Without Natasha, Yashim felt lighter and safer. He moved to the edge of the wood and saw the outline of the ruined farmhouse at the bottom of the hill, with the pool glittering just beyond. Everything was still, and only an army of cicadas in the grass kept up a raucous chorus in the moonlight.

The light, and the grassy hill, made it difficult to approach the house without being seen. Yashim descended in flits, darting between the bushes that were beginning to reclaim the abandoned land, until he reached the large cypress at the bottom and pressed up against its black trunk, with a view across tumbledown farm buildings to the house about twenty yards away.

Nothing stirred. The windows of the house were in inky shadow, and where the roof had fallen the moon lit up a cradle of broken rafters and tilted beams. There was not a light to be seen, and not a whisper to be heard over the sound of the cicadas. Yashim turned his back to the tree and scanned the empty hillside.

Perhaps he was too late, and Doherty had been and gone and left the farmhouse lifeless.

But Giancarlo had a gun.

Yashim looked up at the stars, watching a patch of inkiness slide across the sky. When the cloud began to envelop the moon, he dropped to a crouch and made a dash to the wall of the nearest outhouse, pressing himself into the shadows.

His hand closed on a loose stone on top of the collapsing wall. He lobbed it through the air, and heard it clatter on the ground on the far side of the farmhouse door.

Nothing moved.

The cicadas whirred and creaked. A gust of night air wafted through the valley, and silvery shadows raced across the grass. A shutter creaked and banged.

The place seemed more desolate and abandoned than ever. He remembered the secret valley the day they had found it, running down exhilarated across the grass; Natasha stooping to admire the wildflowers that she couldn’t name, Birgit moving with a slow, simmering grace, her hem rustling across the grass. Doherty so genial, waving his stick, spouting scripture, ranting about dispossession and the loss of the good land. Everyone, it seemed, liberated to be the man or the woman they were. A sort of paradise.

“Imagine, Yashim!” Doherty had flung his arms wide, flushed with the good food and the cold champagne. “The return to Eden! Forever summer, the sun shines, the trees bear all manner of fruit. The rude habitation of the first man and the first woman—scarcely decayed. This, Yashim, is immortality!”

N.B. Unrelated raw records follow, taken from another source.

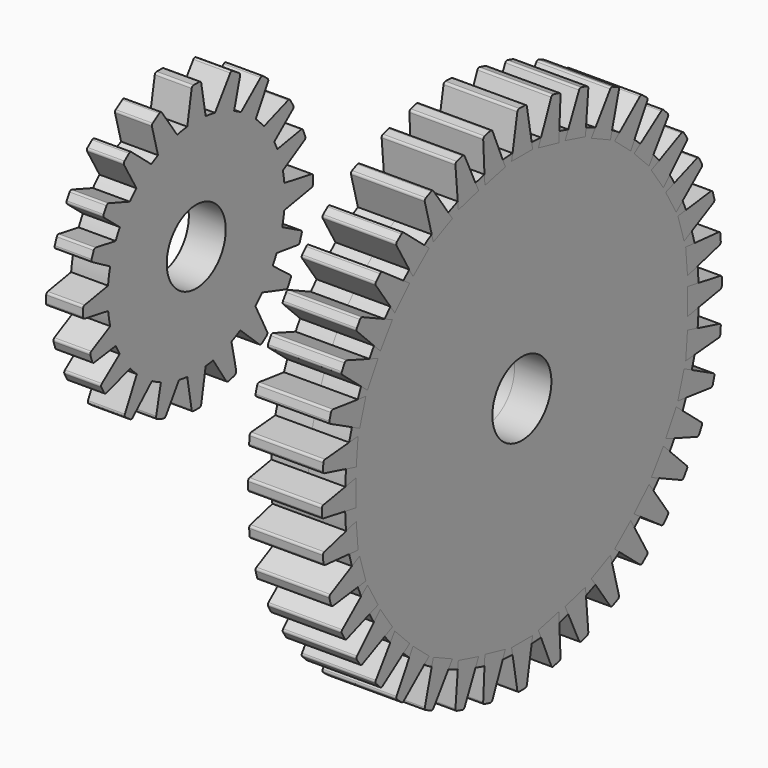
from build123d import *

# Parameters (mm, degrees)
F0_R        = 38.1
F0_R_2      = 6.35
F1_DEPTH    = 12.7
F2_R        = 19.05
F2_R_2      = 6.35
F3_DEPTH    = 6.35
F5_DEPTH    = 12.7
F1_FACE_R   = 38.1
F1_FACE_R_2 = 6.35
F7_DEPTH    = 6.35


# Not quite as in the source:
# - a feature names something its author has since deleted; it is built from what else it names


with BuildPart() as f1:
    # F0 (on Right) → F1 (new body)
    with BuildSketch(Plane.YZ):
        Circle(F0_R)
        Circle(F0_R_2, mode=Mode.SUBTRACT)
    extrude(amount=F1_DEPTH)


with BuildPart() as f3:
    # F2 (on Right) → F3 (new body)
    with BuildSketch(Plane.YZ):
        with Locations((-62.1012635529, 46.2028943002)):
            Circle(F2_R)
        with Locations((-62.1012635529, 46.2028943002)):
            Circle(F2_R_2, mode=Mode.SUBTRACT)
    extrude(amount=F3_DEPTH)

    # F6 (on Right) + F1_face (on face) → F7 (join)
    with BuildSketch(Plane.YZ):
        with BuildLine():
            ThreePointArc((-62.6611832339, 70.8992192592), (-62.935600736, 70.8041709774), (-63.0821154485, 70.5534269238))
            Line((-63.0821154485, 70.5534269238), (-64.317101288, 63.5494741844))
            Line((-64.317101288, 63.5494741844), (-59.7942281317, 63.5494741844))
            Line((-59.7942281317, 63.5494741844), (-61.0264167811, 70.5375632701))
            ThreePointArc((-61.0264167811, 70.5375632701), (-61.1621832058, 70.7755735337), (-61.4181716702, 70.8733043567))
            Line((-61.4181716702, 70.8733043567), (-62.6611832339, 70.8992192592))
        make_face()
        with BuildLine():
            ThreePointArc((-71.4755892921, 68.6984378646), (-71.6219672889, 68.5161129629), (-71.6338766904, 68.2826026765))
            Line((-71.6338766904, 68.2826026765), (-69.9406515059, 61.9634002591))
            Line((-69.9406515059, 61.9634002591), (-65.6253662116, 63.9756508389))
            Line((-65.6253662116, 63.9756508389), (-69.5076257526, 69.5200920641))
            ThreePointArc((-69.5076257526, 69.5200920641), (-69.7641036118, 69.6861398183), (-70.0637789279, 69.626579313))
            Line((-70.0637789279, 69.626579313), (-71.4755892921, 68.6984378646))
        make_face()
        with BuildLine():
            ThreePointArc((-36.9601231087, 46.6768028725), (-37.0551713906, 46.9512203746), (-37.3059154442, 47.097735087))
            Line((-37.3059154442, 47.097735087), (-44.3098681836, 48.3327209266))
            Line((-44.3098681836, 48.3327209266), (-44.3098681836, 43.8098477703))
            Line((-44.3098681836, 43.8098477703), (-37.3217790979, 45.0420364197))
            ThreePointArc((-37.3217790979, 45.0420364197), (-37.0837688343, 45.1778028444), (-36.9860380113, 45.4337913088))
            Line((-36.9860380113, 45.4337913088), (-36.9601231087, 46.6768028725))
        make_face()
        with BuildLine():
            ThreePointArc((-86.4576430686, 45.4657658244), (-86.3625947867, 45.1913483223), (-86.1118507332, 45.0448336099))
            Line((-86.1118507332, 45.0448336099), (-79.1078979938, 43.8098477703))
            Line((-79.1078979938, 43.8098477703), (-79.1078979938, 48.3327209266))
            Line((-79.1078979938, 48.3327209266), (-86.0959870794, 47.1005322772))
            ThreePointArc((-86.0959870794, 47.1005322772), (-86.3339973431, 46.9647658525), (-86.4317281661, 46.7087773881))
            Line((-86.4317281661, 46.7087773881), (-86.4576430686, 45.4657658244))
        make_face()
        with BuildLine():
            ThreePointArc((-61.4501461859, 21.5024009081), (-61.1757286837, 21.59744919), (-61.0292139713, 21.8481932435))
            Line((-61.0292139713, 21.8481932435), (-59.7942281317, 28.8521459829))
            Line((-59.7942281317, 28.8521459829), (-64.317101288, 28.8521459829))
            Line((-64.317101288, 28.8521459829), (-63.0849126386, 21.8640568973))
            ThreePointArc((-63.0849126386, 21.8640568973), (-62.9491462139, 21.6260466336), (-62.6931577495, 21.5283158106))
            Line((-62.6931577495, 21.5283158106), (-61.4501461859, 21.5024009081))
        make_face()
        with BuildLine():
            ThreePointArc((-77.527380768, 65.4212780871), (-77.6765009127, 65.1720747087), (-77.6275625232, 64.8858157781))
            Line((-77.6275625232, 64.8858157781), (-74.0715625232, 58.7266431063))
            Line((-74.0715625232, 58.7266431063), (-70.6068406748, 61.6338899314))
            Line((-70.6068406748, 61.6338899314), (-76.0426090222, 66.1950411469))
            ThreePointArc((-76.0426090222, 66.1950411469), (-76.2996021859, 66.2900986111), (-76.5585208886, 66.2004185519))
            Line((-76.5585208886, 66.2004185519), (-77.527380768, 65.4212780871))
        make_face()
        with BuildLine():
            ThreePointArc((-82.0246982928, 59.175999262), (-82.0774287426, 58.8904145267), (-81.9316266457, 58.6392554339))
            Line((-81.9316266457, 58.6392554339), (-76.4490094547, 54.1091944258))
            Line((-76.4490094547, 54.1091944258), (-74.217339946, 58.0431533467))
            Line((-74.217339946, 58.0431533467), (-80.9035087135, 60.419458283))
            ThreePointArc((-80.9035087135, 60.419458283), (-81.1775178106, 60.4188084108), (-81.3888327559, 60.2443738914))
            Line((-81.3888327559, 60.2443738914), (-82.0246982928, 59.175999262))
        make_face()
        with BuildLine():
            ThreePointArc((-84.6019935981, 53.4336352613), (-84.6065337424, 53.1432587326), (-84.4210223885, 52.9198204213))
            Line((-84.4210223885, 52.9198204213), (-78.2618497168, 49.3638204213))
            Line((-78.2618497168, 49.3638204213), (-76.7149359916, 53.6139309511))
            Line((-76.7149359916, 53.6139309511), (-83.7030250773, 54.8461196005))
            ThreePointArc((-83.7030250773, 54.8461196005), (-83.9731164177, 54.7999451975), (-84.1525065622, 54.5928206366))
            Line((-84.1525065622, 54.5928206366), (-84.6019935981, 53.4336352613))
        make_face()
        with BuildLine():
            ThreePointArc((-84.6713714214, 39.5145745181), (-84.8650961313, 39.2982186119), (-84.8714011976, 39.0078750439))
            Line((-84.8714011976, 39.0078750439), (-84.4655091173, 37.8327150765))
            ThreePointArc((-84.4655091173, 37.8327150765), (-84.2939776544, 37.6190368959), (-84.0257987036, 37.5628100516))
            Line((-84.0257987036, 37.5628100516), (-76.9965751103, 38.5332190441))
            Line((-76.9965751103, 38.5332190441), (-78.3837200419, 42.8381244469))
            Line((-78.3837200419, 42.8381244469), (-84.6713714214, 39.5145745181))
        make_face()
        with BuildLine():
            ThreePointArc((-82.3972631316, 33.7061789123), (-82.5523413091, 33.4606388947), (-82.5103107577, 33.1732844548))
            Line((-82.5103107577, 33.1732844548), (-81.9147794575, 32.0819129324))
            ThreePointArc((-81.9147794575, 32.0819129324), (-81.7101248781, 31.8997099939), (-81.4363311128, 31.8888296553))
            Line((-81.4363311128, 31.8888296553), (-74.6660984286, 34.0138302056))
            Line((-74.6660984286, 34.0138302056), (-76.7493260939, 38.0283717837))
            Line((-76.7493260939, 38.0283717837), (-82.3972631316, 33.7061789123))
        make_face()
        with BuildLine():
            ThreePointArc((-76.3150414213, 25.8079426995), (-76.0519703034, 25.7312941862), (-75.8000405747, 25.8390569787))
            Line((-75.8000405747, 25.8390569787), (-70.5986414302, 30.6657665076))
            Line((-70.5986414302, 30.6657665076), (-74.2041163364, 33.3965049222))
            Line((-74.2041163364, 33.3965049222), (-77.4483488935, 27.0675635324))
            ThreePointArc((-77.4483488935, 27.0675635324), (-77.482942236, 26.7792192209), (-77.3215728148, 26.5377672561))
            Line((-77.3215728148, 26.5377672561), (-76.3150414213, 25.8079426995))
        make_face()
        with BuildLine():
            Line((-68.6200808863, 23.2245752314), (-64.9834686388, 28.7721425029))
            Line((-64.9834686388, 28.7721425029), (-69.3313859334, 30.4621412128))
            Line((-69.3313859334, 30.4621412128), (-70.7179103497, 24.0164315073))
            ThreePointArc((-70.7179103497, 24.0164315073), (-70.6638558891, 23.6602366255), (-70.3871973217, 23.4294624597))
            Line((-70.3871973217, 23.4294624597), (-69.2108597082, 23.0229418833))
            ThreePointArc((-69.2108597082, 23.0229418833), (-68.8808458367, 23.0223100707), (-68.6200808863, 23.2245752314))
        make_face()
        with BuildLine():
            ThreePointArc((-46.660371467, 64.8858157781), (-46.6114330774, 65.1720747087), (-46.7605532221, 65.4212780871))
            Line((-46.7605532221, 65.4212780871), (-47.7294131015, 66.2004185519))
            ThreePointArc((-47.7294131015, 66.2004185519), (-47.9883318042, 66.2900986111), (-48.2453249679, 66.1950411469))
            Line((-48.2453249679, 66.1950411469), (-53.6810933153, 61.6338899314))
            Line((-53.6810933153, 61.6338899314), (-50.216371467, 58.7266431063))
            Line((-50.216371467, 58.7266431063), (-46.660371467, 64.8858157781))
        make_face()
        with BuildLine():
            ThreePointArc((-52.6540572997, 68.2826026765), (-52.6659667012, 68.5161129629), (-52.812344698, 68.6984378646))
            Line((-52.812344698, 68.6984378646), (-54.2241550622, 69.626579313))
            ThreePointArc((-54.2241550622, 69.626579313), (-54.5238303783, 69.6861398183), (-54.7803082375, 69.5200920641))
            Line((-54.7803082375, 69.5200920641), (-58.6625677785, 63.9756508389))
            Line((-58.6625677785, 63.9756508389), (-54.3472824842, 61.9634002591))
            Line((-54.3472824842, 61.9634002591), (-52.6540572997, 68.2826026765))
        make_face()
        with BuildLine():
            ThreePointArc((-38.8413643332, 52.8361571768), (-38.6558529793, 53.0595954881), (-38.6603931236, 53.3499720168))
            Line((-38.6603931236, 53.3499720168), (-39.1098801595, 54.5091573921))
            ThreePointArc((-39.1098801595, 54.5091573921), (-39.289270304, 54.716281953), (-39.5593616444, 54.762456356))
            Line((-39.5593616444, 54.762456356), (-46.5474507301, 53.5302677066))
            Line((-46.5474507301, 53.5302677066), (-45.0005370049, 49.2801571768))
            Line((-45.0005370049, 49.2801571768), (-38.8413643332, 52.8361571768))
        make_face()
        with BuildLine():
            ThreePointArc((-41.330760076, 58.5555921894), (-41.1849579792, 58.8067512822), (-41.2376884289, 59.0923360175))
            Line((-41.2376884289, 59.0923360175), (-41.8735539658, 60.1607106469))
            ThreePointArc((-41.8735539658, 60.1607106469), (-42.0848689111, 60.3351451662), (-42.3588780082, 60.3357950385))
            Line((-42.3588780082, 60.3357950385), (-49.0450467757, 57.9594901022))
            Line((-49.0450467757, 57.9594901022), (-46.813377267, 54.0255311813))
            Line((-46.813377267, 54.0255311813), (-41.330760076, 58.5555921894))
        make_face()
        with BuildLine():
            Line((-39.8224248728, 37.8327150765), (-39.4165327925, 39.0078750439))
            ThreePointArc((-39.4165327925, 39.0078750439), (-39.4228378588, 39.2982186119), (-39.6165625687, 39.5145745181))
            Line((-39.6165625687, 39.5145745181), (-45.9042139482, 42.8381244469))
            Line((-45.9042139482, 42.8381244469), (-47.2913588798, 38.5332190441))
            Line((-47.2913588798, 38.5332190441), (-40.2621352865, 37.5628100516))
            ThreePointArc((-40.2621352865, 37.5628100516), (-39.9939563357, 37.6190368959), (-39.8224248728, 37.8327150765))
        make_face()
        with BuildLine():
            Line((-47.9728925688, 25.8079426995), (-46.9663611753, 26.5377672561))
            ThreePointArc((-46.9663611753, 26.5377672561), (-46.8049917541, 26.7792192209), (-46.8395850966, 27.0675635324))
            Line((-46.8395850966, 27.0675635324), (-50.0838176537, 33.3965049222))
            Line((-50.0838176537, 33.3965049222), (-53.6892925599, 30.6657665076))
            Line((-53.6892925599, 30.6657665076), (-48.4878934154, 25.8390569787))
            ThreePointArc((-48.4878934154, 25.8390569787), (-48.2359636867, 25.7312941862), (-47.9728925688, 25.8079426995))
        make_face()
        with BuildLine():
            Line((-49.6218355615, 34.0138302056), (-42.8516028773, 31.8888296553))
            ThreePointArc((-42.8516028773, 31.8888296553), (-42.577809112, 31.8997099939), (-42.3731545326, 32.0819129324))
            Line((-42.3731545326, 32.0819129324), (-41.7776232324, 33.1732844548))
            ThreePointArc((-41.7776232324, 33.1732844548), (-41.735592681, 33.4606388947), (-41.8906708585, 33.7061789123))
            Line((-41.8906708585, 33.7061789123), (-47.5386078962, 38.0283717837))
            Line((-47.5386078962, 38.0283717837), (-49.6218355615, 34.0138302056))
        make_face()
        with BuildLine():
            Line((-59.3044653513, 28.7721425029), (-55.673273762, 23.2328443192))
            ThreePointArc((-55.673273762, 23.2328443192), (-55.404260897, 23.0167770957), (-55.0596337961, 22.9998913663))
            Line((-55.0596337961, 22.9998913663), (-53.9104954799, 23.311628054))
            ThreePointArc((-53.9104954799, 23.311628054), (-53.5795353729, 23.560285516), (-53.510494411, 23.9684502763))
            Line((-53.510494411, 23.9684502763), (-54.9201843232, 30.521852324))
            Line((-54.9201843232, 30.521852324), (-59.3044653513, 28.7721425029))
        make_face()
    with BuildSketch(Plane(origin=(0, 0, 0), x_dir=(0, 1, 0), z_dir=(-1, 0, 0))):
        Circle(F1_FACE_R)
        Circle(F1_FACE_R_2, mode=Mode.SUBTRACT)
    extrude(amount=F7_DEPTH, dir=(1, 0, 0))


with BuildPart() as f5:
    # F4 (on Right) → F5 (new body)
    with BuildSketch(Plane.YZ):
        with BuildLine():
            ThreePointArc((-0.5553405745, 44.1749927374), (-0.8297580766, 44.0799444556), (-0.9762727891, 43.829200402))
            Line((-0.9762727891, 43.829200402), (-2.2112586287, 36.8252476626))
            Line((-2.2112586287, 36.8252476626), (2.3116145277, 36.8252476626))
            Line((2.3116145277, 36.8252476626), (1.0794258783, 43.8133367483))
            ThreePointArc((1.0794258783, 43.8133367483), (0.9436594536, 44.0513470119), (0.6876709892, 44.1490778349))
            Line((0.6876709892, 44.1490778349), (-0.5553405745, 44.1749927374))
        make_face()
    extrude(amount=F5_DEPTH)


with BuildPart() as f5b:
    # F4 (on Right) → F5, piece 2 (new body)
    with BuildSketch(Plane.YZ):
        with BuildLine():
            ThreePointArc((-0.9762727891, -43.829200402), (-0.8297580766, -44.0799444556), (-0.5553405745, -44.1749927374))
            Line((-0.5553405745, -44.1749927374), (0.6876709892, -44.1490778349))
            ThreePointArc((0.6876709892, -44.1490778349), (0.9436594536, -44.0513470119), (1.0794258783, -43.8133367483))
            Line((1.0794258783, -43.8133367483), (2.3116145277, -36.8252476626))
            Line((2.3116145277, -36.8252476626), (-2.2112586287, -36.8252476626))
            Line((-2.2112586287, -36.8252476626), (-0.9762727891, -43.829200402))
        make_face()
    extrude(amount=F5_DEPTH)


with BuildPart() as f5c:
    # F4 (on Right) → F5, piece 3 (new body)
    with BuildSketch(Plane.YZ):
        with BuildLine():
            Line((19.0115143784, 39.1678340941), (14.9414781481, 33.3552199644))
            Line((14.9414781481, 33.3552199644), (19.0405933095, 31.443771173))
            Line((19.0405933095, 31.443771173), (20.8813143582, 38.3134356496))
            ThreePointArc((20.8813143582, 38.3134356496), (20.8544959495, 38.602606731), (20.6459583701, 38.8047235767))
            Line((20.6459583701, 38.8047235767), (19.5084551995, 39.3065560851))
            ThreePointArc((19.5084551995, 39.3065560851), (19.2351480303, 39.326167279), (19.0115143784, 39.1678340941))
        make_face()
    extrude(amount=F5_DEPTH)


with BuildPart() as f5d:
    # F4 (on Right) → F5, piece 4 (new body)
    with BuildSketch(Plane.YZ):
        with BuildLine():
            Line((25.3814897156, 35.4571522534), (19.9457213682, 30.8960010379))
            Line((19.9457213682, 30.8960010379), (23.4104432166, 27.9887542129))
            Line((23.4104432166, 27.9887542129), (26.9664432166, 34.1479268846))
            ThreePointArc((26.9664432166, 34.1479268846), (27.0153816061, 34.4341858152), (26.8662614614, 34.6833891936))
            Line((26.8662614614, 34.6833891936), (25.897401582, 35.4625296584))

How different it seemed tonight. The old house watching the slope and the woods silent and withdrawn.

Yashim raised his head. Surely something had moved: his ears had caught a crack, above the drone of crickets in the long grass. He narrowed his eyes, and glimpsed something stepping out of the shadow of the trees. It seemed too long to be a man. Perhaps a deer, drawn to the lush pasture and the silence of the valley.

But it was not a deer. First one figure, then another, broke out of the deep shade and into the moonlight: two men, one behind the other, very close together.

Yashim strained his eyes, and then his heart stopped. The figure in front was not a man but a woman: he could see the tilt of her shoulders and the bulge where she held her skirts above the damp grass. She was making her way very slowly down the slope, and barely a pace behind her came the man.

He seemed to move more cautiously than the woman. Yashim heard a short bark and almost at once the woman paused, waited, then walked on. The man was wearing a wide-brimmed saturno, and the woman was Natasha.

No sooner had Yashim made them out than he heard a tiny rustle from the house, like someone shifting their balance.